Tutorial snippet — no separate file in examples repo

Understanding Cross Section Behavior

python
# Compare different nuclides
u235 = openmc.data.IncidentNeutron.from_hdf5('/path/to/U235.h5')
u238 = openmc.data.IncidentNeutron.from_hdf5('/path/to/U238.h5')

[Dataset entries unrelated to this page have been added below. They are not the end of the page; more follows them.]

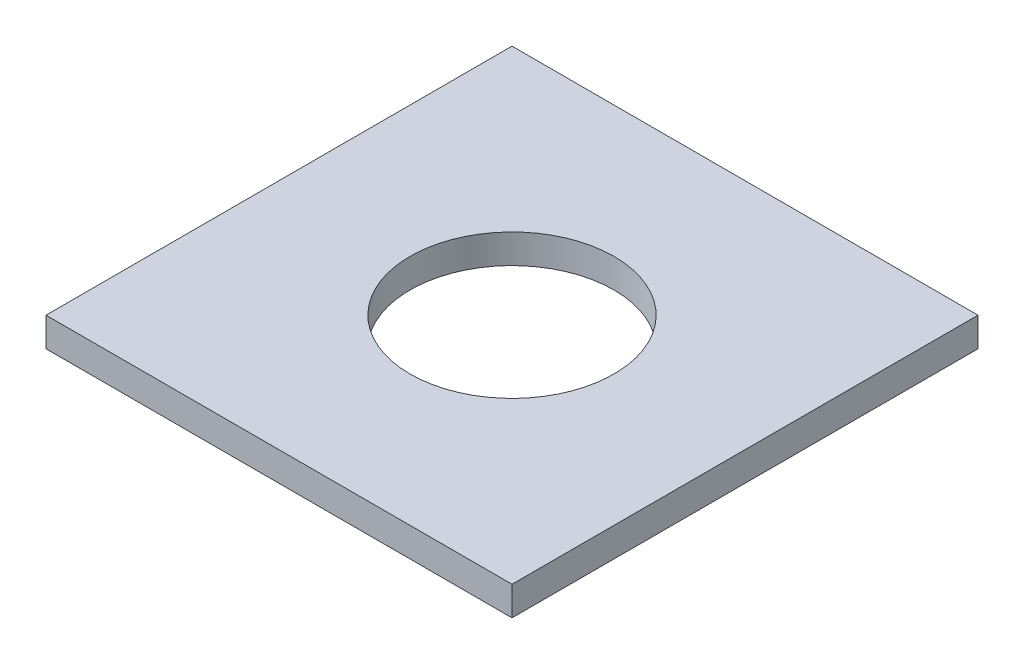
SolidWorks part; units mm, degrees
material "Maple"
ref_plane "Front Plane" through (0, 0, 0) normal (0, 0, 1) x (1, 0, 0)
ref_plane "Top Plane" through (0, 0, 0) normal (0, 1, 0) x (1, 0, 0)
ref_plane "Right Plane" through (0, 0, 0) normal (1, 0, 0) x (0, 0, -1)
sketch "Sketch1" plane through (0, 0, 0) normal (0, 1, 0) x (1, 0, 0)
  line L0 (101.6, 50.8) -> (0, 50.8) construction
  line L1 (0, 0) -> (101.6, 0)
  line L2 (0, 0) -> (0, 101.6)
  line L3 (0, 101.6) -> (101.6, 101.6)
  line L4 (101.6, 0) -> (101.6, 101.6)
  circle A0 centre (50.8, 50.8) radius 22.225
  dimension "D3" = 44.45
  dimension "D1" = 101.6
  dimension "D2" = 101.6
extrude "Boss-Extrude1" add sketch "Sketch1" along normal blind 6.35

energies = np.logspace(-2, 7, 1000)

# Access reactions by MT number at a specific temperature
u235_fission_xs = u235[18].xs['294K']   # MT 18 = fission
u235_total_xs   = u235[1].xs['294K']    # MT 1  = total
u238_total_xs   = u238[1].xs['294K']

plt.figure(figsize=(12, 8))

# Fission cross sections (U-235)
plt.subplot(2, 2, 1)
plt.loglog(energies, u235_fission_xs(energies), 'r-', label='U-235')
plt.xlabel('Energy (eV)')
plt.ylabel('Fission XS (barns)')
plt.title('Fission Cross Sections')
plt.legend()
plt.grid(True)

# Total cross sections comparison
plt.subplot(2, 2, 2)
plt.loglog(energies, u235_total_xs(energies), 'r-', label='U-235')
plt.loglog(energies, u238_total_xs(energies), 'b-', label='U-238')
plt.xlabel('Energy (eV)')
plt.ylabel('Total XS (barns)')
plt.title('Total Cross Sections')
plt.legend()
plt.grid(True)

plt.tight_layout()
plt.show()

# This helps explain why U-235 is fissile and U-238 has strong resonances

Tutorial snippet — no separate file in examples repo

Practical Tips

Data Management

  • Start Simple: Use the default ENDF/B-VIII.0 data for most applications
  • Check Coverage: Ensure your data library includes all nuclides in your materials
  • Temperature Consistency: Use appropriate temperatures for your operating conditions
  • Thermal Scattering: Always include S(α,β) data for light-nucleus materials

Common Issues

python
# Check for missing cross section data
try:
    model = openmc.Model(geometry, materials, settings)
    model.run()
except Exception as e:
    if "does not contain cross sections" in str(e):
        print("Missing nuclear data - check your cross_sections.xml")
        print("Missing nuclide:", str(e).split("'")[1])
    else:
        raise e

# Verify thermal scattering is included
for material in materials:
    if any(n.name == 'H1' for n in material.nuclides):
        if not hasattr(material, '_sab') or not material._sab:
            print(f"Warning: {material.name} contains H1 but no S(a,b) data")
            
# Temperature is set on cells, not materials:
# cell.temperature = 900  # Kelvin

Tutorial snippet — no separate file in examples repo

Proper cross section handling — correct libraries, thermal scattering data, and temperature treatment — directly determines simulation accuracy.